Find "Constant2 : Constant" below and begin at its line; stop after the line with "note: Décomposition de la consigne". Output those lines exactly, without pictures.

+ + + + + + +

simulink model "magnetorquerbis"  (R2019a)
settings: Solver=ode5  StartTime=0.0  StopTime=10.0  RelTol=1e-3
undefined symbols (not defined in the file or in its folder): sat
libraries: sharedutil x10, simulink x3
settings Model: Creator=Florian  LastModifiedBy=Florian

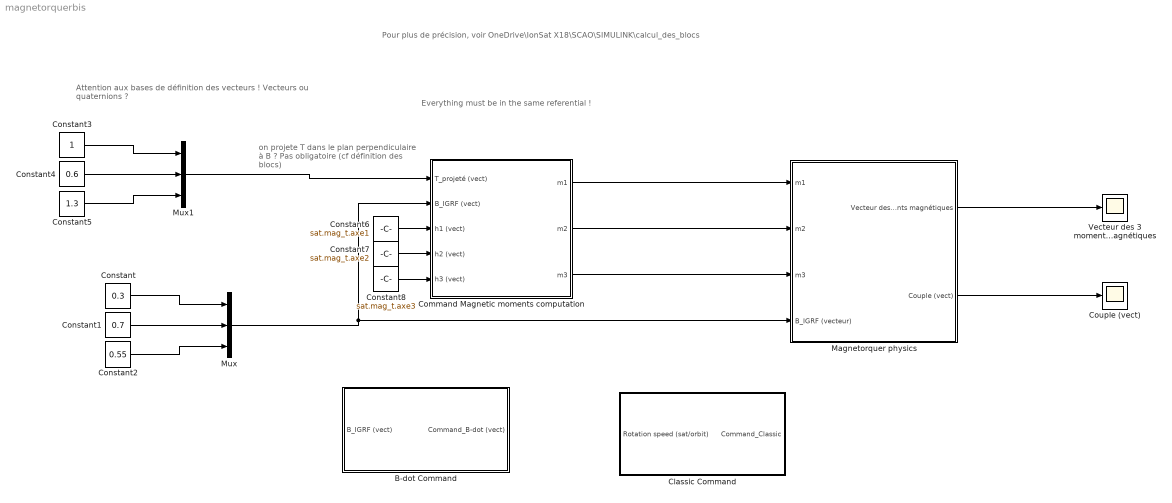
== system magnetorquerbis ==
  note: Attention aux bases de définition des vecteurs !
      |
      | Vecteurs ou quaternions ?
  note: on projete T dans
      | le plan perpendiculaire à B ?
      | Pas obligatoire (cf définition des blocs)
  note: Everything must be in the same referential !
  note: Pour plus de précision, voir OneDrive\IonSat X18\SCAO\SIMULINK\calcul_des_blocs
  B-dot Command : Subsystem
  Classic Command : Subsystem
  Command Magnetic moments computation : Subsystem
  Constant : Constant  Value=0.3
  Constant1 : Constant  Value=0.7
  Constant2 : Constant  Value=0.55
  Constant3 : Constant
  Constant4 : Constant  Value=0.6
  Constant5 : Constant  Value=1.3
  Constant6 : Constant  Value=sat.mag_t.axe1
  Constant7 : Constant  Value=sat.mag_t.axe2
  Constant8 : Constant  Value=sat.mag_t.axe3
  Couple (vect) : Scope
  Magnetorquer physics : Subsystem
  Mux : Mux  Inputs=3
  Mux1 : Mux  Inputs=3
  Vecteur des 3 moments magnétiques : Scope
  wires:
  Magnetorquer physics/1(Vecteur des 3 moments magnétiques) -> Vecteur des 3 moments magnétiques/1
  Command Magnetic moments computation/2(m2) -> Magnetorquer physics/2(m2)
  Magnetorquer physics/2(Couple (vect)) -> Couple (vect)/1
  Command Magnetic moments computation/3(m3) -> Magnetorquer physics/3(m3)
  Mux/1 -> Magnetorquer physics/4(B_IGRF (vecteur)), Command Magnetic moments computation/2(B_IGRF (vect))
  Constant/1 -> Mux/1
  Constant1/1 -> Mux/2
  Constant2/1 -> Mux/3
  Constant5/1 -> Mux1/3
  Constant4/1 -> Mux1/2
  Constant3/1 -> Mux1/1
  Mux1/1 -> Command Magnetic moments computation/1(T_projeté (vect))
  Command Magnetic moments computation/1(m1) -> Magnetorquer physics/1(m1)
  Constant6/1 -> Command Magnetic moments computation/3(h1 (vect))
  Constant7/1 -> Command Magnetic moments computation/4(h2 (vect))
  Constant8/1 -> Command Magnetic moments computation/5(h3 (vect))

== system magnetorquerbis/B-dot Command ==
  note: Dans le bras du haut, il faut entrer le champ
      | dans ref du vehicule pour la dérivation, puis remettre
      | dans le référentiel voulu
  B_IGRF (vect) : Inport
  3x3 Cross Product : sharedutil/3x3 Cross Product  aMode=aMode
      settings: SourceProductBaseCode=AE
  Derivative : Derivative
  Gain : Gain  Gain=- sat.PID.k_mag_bdot
  Command_B-dot (vect) : Outport
  wires:
  Derivative/1 -> 3x3 Cross Product/1
  Gain/1 -> Command_B-dot (vect)/1
  B_IGRF (vect)/1 -> Derivative/1, 3x3 Cross Product/2
  3x3 Cross Product/1 -> Gain/1

== system magnetorquerbis/Classic Command ==
  Rotation speed (sat/orbit) : Inport
  Gain : Gain  Gain=- sat.PID.k_mag_classic
  Command_Classic : Outport
  wires:
  Rotation speed (sat/orbit)/1 -> Gain/1
  Gain/1 -> Command_Classic/1

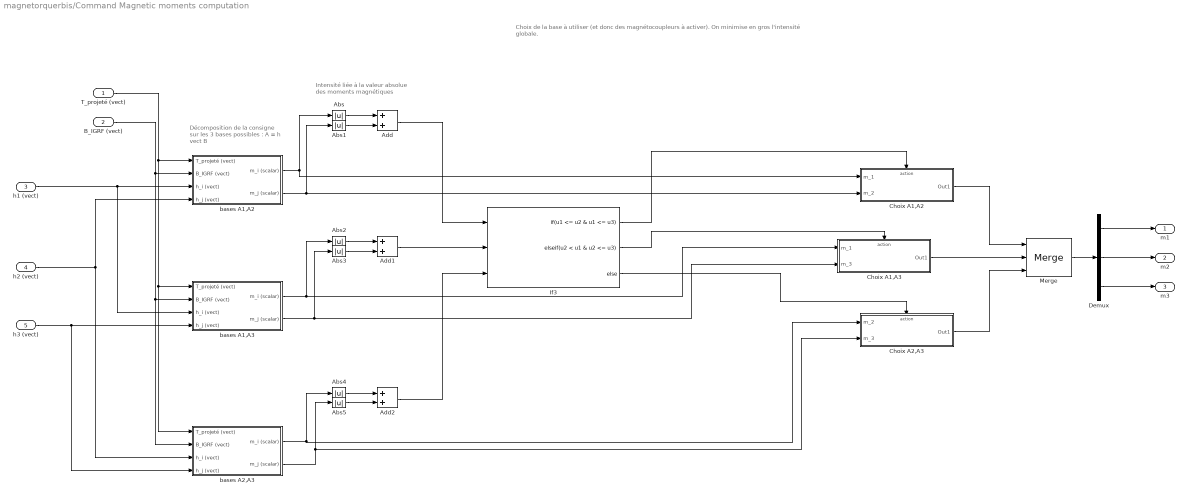
== system magnetorquerbis/Command Magnetic moments computation ==
  note: Intensité liée à la valeur absolue
      | des moments magnétiques
  note: Décomposition de la consigne
      | sur les 3 bases possibles :
      | A = h vect B
  note: Choix de la base à utiliser (et donc des magnétocoupleurs à activer). On minimise en gros l'intensité globale.
  T_projeté (vect) : Inport
  B_IGRF (vect) : Inport  Port=2
  h1 (vect) : Inport  Port=3
  h2 (vect) : Inport  Port=4
  h3 (vect) : Inport  Port=5
  Abs{,1..5} (6 alike) : Abs
  Add : Sum
  Add1 : Sum
  Add2 : Sum
  Choix A1,A2 : Subsystem  TreatAsAtomicUnit=on
  Choix A1,A3 : Subsystem  TreatAsAtomicUnit=on
  Choix A2,A3 : Subsystem  TreatAsAtomicUnit=on
  Demux : Demux  Outputs=3
  If3 : If  NumInputs=3  IfExpression=u1 <= u2 & u1 <= u3  ElseIfExpressions=u2 < u1 & u2 <= u3
  Merge : Merge  Inputs=3
  bases A1,A2 : Subsystem
  bases A1,A3 : Subsystem
  bases A2,A3 : Subsystem
  m1 : Outport
  m2 : Outport  Port=2
  m3 : Outport  Port=3
  wires:
  T_projeté (vect)/1 -> bases A2,A3/1(T_projeté (vect)), bases A1,A3/1(T_projeté (vect)), bases A1,A2/1(T_projeté (vect))
  B_IGRF (vect)/1 -> bases A2,A3/2(B_IGRF (vect)), bases A1,A3/2(B_IGRF (vect)), bases A1,A2/2(B_IGRF (vect))
  h1 (vect)/1 -> bases A1,A3/3(h_i (vect)), bases A1,A2/3(h_i (vect))
  h2 (vect)/1 -> bases A2,A3/3(h_i (vect)), bases A1,A2/4(h_j (vect))
  h3 (vect)/1 -> bases A2,A3/4(h_j (vect)), bases A1,A3/4(h_j (vect))
  Abs/1 -> Add/1
  bases A1,A2/1(m_i (scalar)) -> Choix A1,A2/1(m_1), Abs/1
  bases A1,A2/2(m_j (scalar)) -> Abs1/1, Choix A1,A2/2(m_2)
  Abs1/1 -> Add/2
  Abs3/1 -> Add1/2
  Abs2/1 -> Add1/1
  Abs5/1 -> Add2/2
  Abs4/1 -> Add2/1
  bases A1,A3/1(m_i (scalar)) -> Choix A1,A3/1(m_1), Abs2/1
  bases A1,A3/2(m_j (scalar)) -> Choix A1,A3/2(m_3), Abs3/1
  bases A2,A3/2(m_j (scalar)) -> Abs5/1, Choix A2,A3/2(m_3)
  Choix A1,A2/1(Out1) -> Merge/1
  Choix A1,A3/1(Out1) -> Merge/2
  Demux/3 -> m3/1
  Demux/2 -> m2/1
  Demux/1 -> m1/1
  Add/1 -> If3/1
  Add1/1 -> If3/2
  Add2/1 -> If3/3
  If3/1 -> Choix A1,A2/Action
  If3/2 -> Choix A1,A3/Action
  If3/3 -> Choix A2,A3/Action
  Choix A2,A3/1(Out1) -> Merge/3
  bases A2,A3/1(m_i (scalar)) -> Abs4/1, Choix A2,A3/1(m_2)
  Merge/1 -> Demux/1

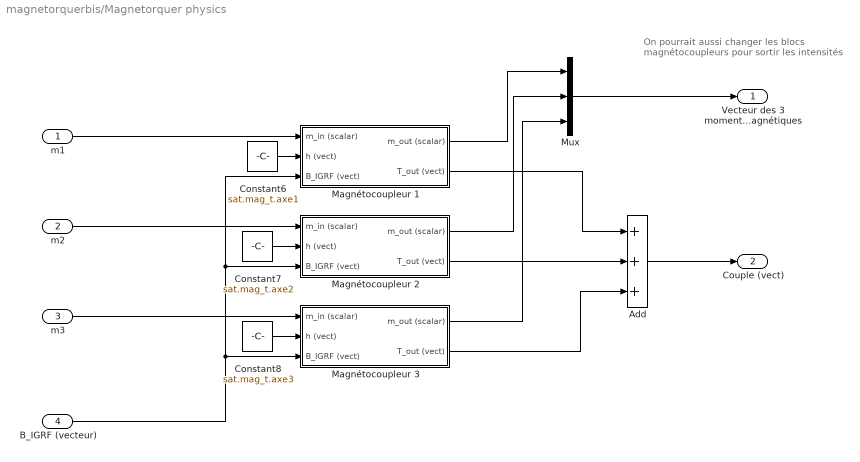
== system magnetorquerbis/Magnetorquer physics ==
  note: On pourrait aussi changer les blocs
      | magnétocoupleurs pour sortir les intensités
  m1 : Inport
  m2 : Inport  Port=2
  m3 : Inport  Port=3
  B_IGRF (vecteur) : Inport  Port=4
  Add : Sum  Inputs=+++
  Constant6 : Constant  Value=sat.mag_t.axe1
  Constant7 : Constant  Value=sat.mag_t.axe2
  Constant8 : Constant  Value=sat.mag_t.axe3
  Magnétocoupleur 1 : Subsystem
  Magnétocoupleur 2 : Subsystem
  Magnétocoupleur 3 : Subsystem
  Mux : Mux  Inputs=3
  Vecteur des 3 moments magnétiques : Outport
  Couple (vect) : Outport  Port=2
  wires:
  Constant6/1 -> Magnétocoupleur 1/2(h (vect))
  B_IGRF (vecteur)/1 -> Magnétocoupleur 1/3(B_IGRF (vect)), Magnétocoupleur 2/3(B_IGRF (vect)), Magnétocoupleur 3/3(B_IGRF (vect))
  Constant7/1 -> Magnétocoupleur 2/2(h (vect))
  Magnétocoupleur 2/1(m_out (scalar)) -> Mux/2
  Add/1 -> Couple (vect)/1
  Magnétocoupleur 1/2(T_out (vect)) -> Add/1
  Magnétocoupleur 2/2(T_out (vect)) -> Add/2
  Magnétocoupleur 3/2(T_out (vect)) -> Add/3
  Mux/1 -> Vecteur des 3 moments magnétiques/1
  m3/1 -> Magnétocoupleur 3/1(m_in (scalar))
  Magnétocoupleur 1/1(m_out (scalar)) -> Mux/1
  Magnétocoupleur 3/1(m_out (scalar)) -> Mux/3
  m2/1 -> Magnétocoupleur 2/1(m_in (scalar))
  Constant8/1 -> Magnétocoupleur 3/2(h (vect))
  m1/1 -> Magnétocoupleur 1/1(m_in (scalar))

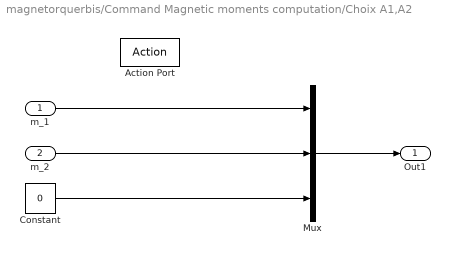
== system magnetorquerbis/Command Magnetic moments computation/Choix A1,A2 ==
  m_1 : Inport
  m_2 : Inport  Port=2
  Action Port : ActionPort  ActionPortLabel=if(u1 <= u2 & u1 <= u3)
  Constant : Constant  Value=0
  Mux : Mux  Inputs=3
  Out1 : Outport
  wires:
  m_1/1 -> Mux/1
  m_2/1 -> Mux/2
  Constant/1 -> Mux/3
  Mux/1 -> Out1/1

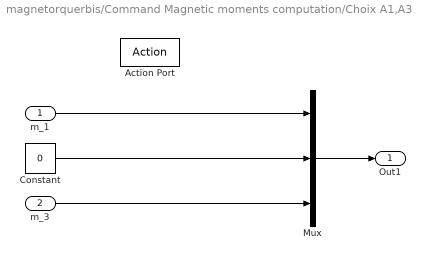
== system magnetorquerbis/Command Magnetic moments computation/Choix A1,A3 ==
  m_1 : Inport
  m_3 : Inport  Port=2
  Action Port : ActionPort  ActionPortLabel=elseif(u2 < u1 & u2 <= u3)
  Constant : Constant  Value=0
  Mux : Mux  Inputs=3
  Out1 : Outport
  wires:
  m_1/1 -> Mux/1
  m_3/1 -> Mux/3
  Constant/1 -> Mux/2
  Mux/1 -> Out1/1

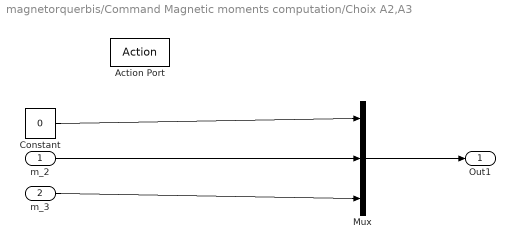
== system magnetorquerbis/Command Magnetic moments computation/Choix A2,A3 ==
  m_2 : Inport
  m_3 : Inport  Port=2
  Action Port : ActionPort  ActionPortLabel=else
  Constant : Constant  Value=0
  Mux : Mux  Inputs=3
  Out1 : Outport
  wires:
  m_2/1 -> Mux/2
  m_3/1 -> Mux/3
  Constant/1 -> Mux/1
  Mux/1 -> Out1/1

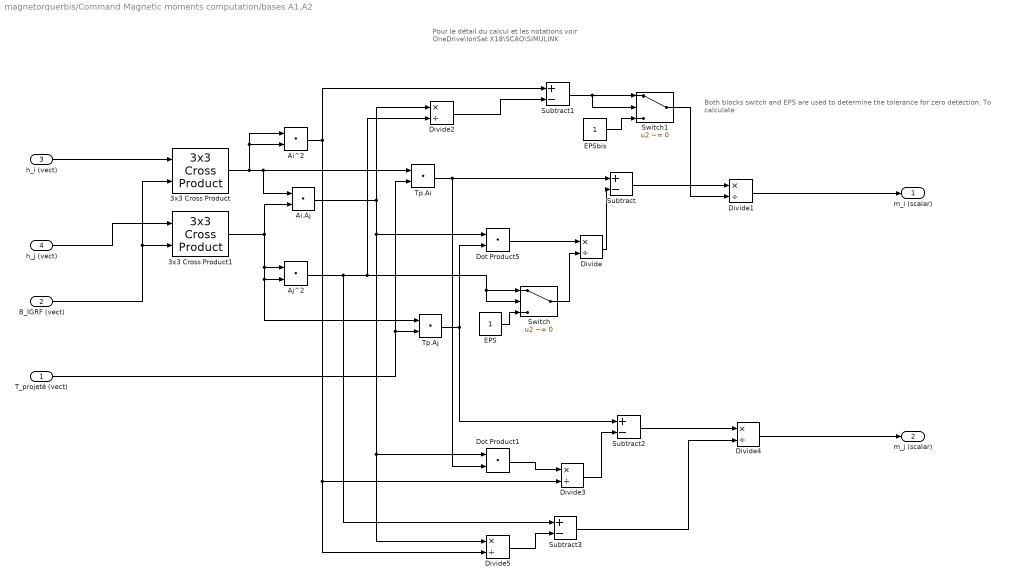
== system magnetorquerbis/Command Magnetic moments computation/bases A1,A2 ==
  note: Both blocks switch and EPS are used to determine the tolerance for zero detection.
      | To calculate
  note: Pour le détail du calcul et les notations voir
      | OneDrive\IonSat X18\SCAO\SIMULINK
  T_projeté (vect) : Inport
  B_IGRF (vect) : Inport  Port=2
  h_i (vect) : Inport  Port=3
  h_j (vect) : Inport  Port=4
  3x3 Cross Product : sharedutil/3x3 Cross Product  aMode=aMode
      settings: SourceProductBaseCode=AE
  3x3 Cross Product1 : sharedutil/3x3 Cross Product  aMode=aMode
      settings: SourceProductBaseCode=AE
  Ai.Aj : DotProduct  InputSameDT=on  OutDataTypeStr=Inherit: Inherit via internal rule
  Ai^2 : DotProduct  InputSameDT=on  OutDataTypeStr=Inherit: Inherit via internal rule
  Aj^2 : DotProduct  InputSameDT=on  OutDataTypeStr=Inherit: Inherit via internal rule
  Divide{,1..5} (6 alike) : Product  Inputs=*/
  Dot Product1 : DotProduct  InputSameDT=on  OutDataTypeStr=Inherit: Inherit via internal rule
  Dot Product5 : DotProduct  InputSameDT=on  OutDataTypeStr=Inherit: Inherit via internal rule
  EPS : Constant
  EPSbis : Constant
  Subtract{,1..3} (4 alike) : Sum  Inputs=+-
  Switch : Switch  Criteria=u2 ~= 0
  Switch1 : Switch  Criteria=u2 ~= 0
  Tp.Ai : DotProduct  InputSameDT=on  OutDataTypeStr=Inherit: Inherit via internal rule
  Tp.Aj : DotProduct  InputSameDT=on  OutDataTypeStr=Inherit: Inherit via internal rule
  m_i (scalar) : Outport
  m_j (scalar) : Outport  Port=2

+ + + + + + +

▸ **Solution below**:
  Constant2 : Constant  Value=0.55
  Constant3 : Constant
  Constant4 : Constant  Value=0.6
  Constant5 : Constant  Value=1.3
  Constant6 : Constant  Value=sat.mag_t.axe1
  Constant7 : Constant  Value=sat.mag_t.axe2
  Constant8 : Constant  Value=sat.mag_t.axe3
  Couple (vect) : Scope
  Magnetorquer physics : Subsystem
  Mux : Mux  Inputs=3
  Mux1 : Mux  Inputs=3
  Vecteur des 3 moments magnétiques : Scope
  wires:
  Magnetorquer physics/1(Vecteur des 3 moments magnétiques) -> Vecteur des 3 moments magnétiques/1
  Command Magnetic moments computation/2(m2) -> Magnetorquer physics/2(m2)
  Magnetorquer physics/2(Couple (vect)) -> Couple (vect)/1
  Command Magnetic moments computation/3(m3) -> Magnetorquer physics/3(m3)
  Mux/1 -> Magnetorquer physics/4(B_IGRF (vecteur)), Command Magnetic moments computation/2(B_IGRF (vect))
  Constant/1 -> Mux/1
  Constant1/1 -> Mux/2
  Constant2/1 -> Mux/3
  Constant5/1 -> Mux1/3
  Constant4/1 -> Mux1/2
  Constant3/1 -> Mux1/1
  Mux1/1 -> Command Magnetic moments computation/1(T_projeté (vect))
  Command Magnetic moments computation/1(m1) -> Magnetorquer physics/1(m1)
  Constant6/1 -> Command Magnetic moments computation/3(h1 (vect))
  Constant7/1 -> Command Magnetic moments computation/4(h2 (vect))
  Constant8/1 -> Command Magnetic moments computation/5(h3 (vect))

== system magnetorquerbis/B-dot Command ==
  note: Dans le bras du haut, il faut entrer le champ
      | dans ref du vehicule pour la dérivation, puis remettre
      | dans le référentiel voulu
  B_IGRF (vect) : Inport
  3x3 Cross Product : sharedutil/3x3 Cross Product  aMode=aMode
      settings: SourceProductBaseCode=AE
  Derivative : Derivative
  Gain : Gain  Gain=- sat.PID.k_mag_bdot
  Command_B-dot (vect) : Outport
  wires:
  Derivative/1 -> 3x3 Cross Product/1
  Gain/1 -> Command_B-dot (vect)/1
  B_IGRF (vect)/1 -> Derivative/1, 3x3 Cross Product/2
  3x3 Cross Product/1 -> Gain/1

== system magnetorquerbis/Classic Command ==
  Rotation speed (sat/orbit) : Inport
  Gain : Gain  Gain=- sat.PID.k_mag_classic
  Command_Classic : Outport
  wires:
  Rotation speed (sat/orbit)/1 -> Gain/1
  Gain/1 -> Command_Classic/1

== system magnetorquerbis/Command Magnetic moments computation ==
  note: Intensité liée à la valeur absolue
      | des moments magnétiques
  note: Décomposition de la consigne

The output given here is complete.